In your copy, reproduce each entry exactly and include no picture.

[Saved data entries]

* * * * *

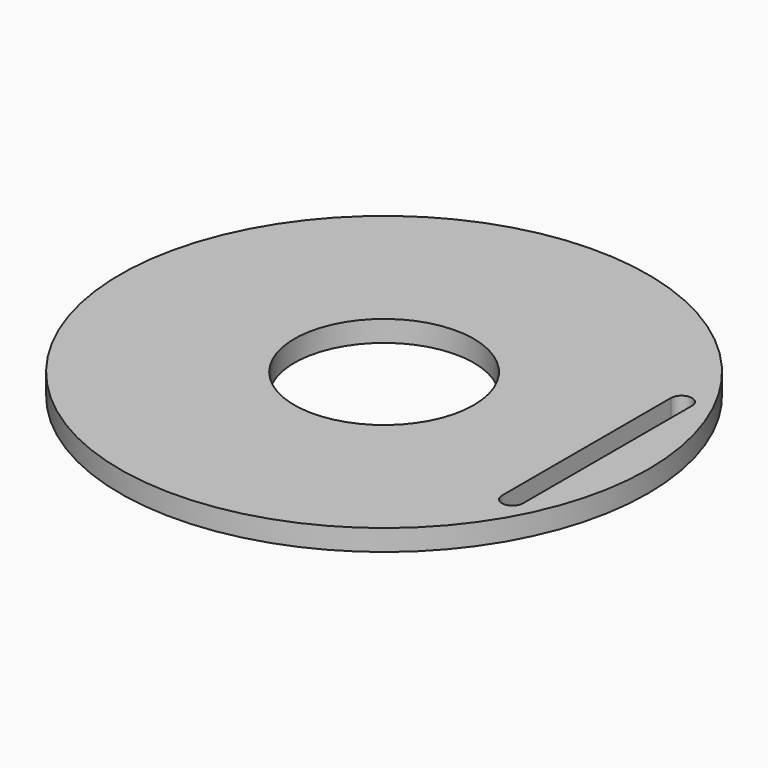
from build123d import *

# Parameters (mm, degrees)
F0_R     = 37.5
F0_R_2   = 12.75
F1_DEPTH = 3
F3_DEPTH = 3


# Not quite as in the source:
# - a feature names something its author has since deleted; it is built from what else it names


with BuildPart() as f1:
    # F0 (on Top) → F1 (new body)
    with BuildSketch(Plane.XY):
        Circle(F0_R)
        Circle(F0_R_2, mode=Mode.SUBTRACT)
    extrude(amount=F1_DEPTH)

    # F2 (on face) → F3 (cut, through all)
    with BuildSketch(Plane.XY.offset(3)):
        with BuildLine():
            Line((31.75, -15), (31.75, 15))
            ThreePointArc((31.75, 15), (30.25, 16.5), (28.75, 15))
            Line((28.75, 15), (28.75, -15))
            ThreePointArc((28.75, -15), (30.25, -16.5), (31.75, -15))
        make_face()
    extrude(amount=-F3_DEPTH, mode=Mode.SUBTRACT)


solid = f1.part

* * * * *

• _FINAL ANSWER_
from build123d import *

# Parameters (mm, degrees)
F0_R     = 37.5
F0_R_2   = 12.75
F1_DEPTH = 3
F3_DEPTH = 3


# Not quite as in the source:
# - a feature names something its author has since deleted; it is built from what else it names


with BuildPart() as f1:
    # F0 (on Top) → F1 (new body)
    with BuildSketch(Plane.XY):
        Circle(F0_R)
        Circle(F0_R_2, mode=Mode.SUBTRACT)
    extrude(amount=F1_DEPTH)

    # F2 (on face) → F3 (cut, through all)
    with BuildSketch(Plane.XY.offset(3)):
        with BuildLine():
            Line((31.75, -15), (31.75, 15))
            ThreePointArc((31.75, 15), (30.25, 16.5), (28.75, 15))
            Line((28.75, 15), (28.75, -15))
            ThreePointArc((28.75, -15), (30.25, -16.5), (31.75, -15))
        make_face()
    extrude(amount=-F3_DEPTH, mode=Mode.SUBTRACT)


solid = f1.part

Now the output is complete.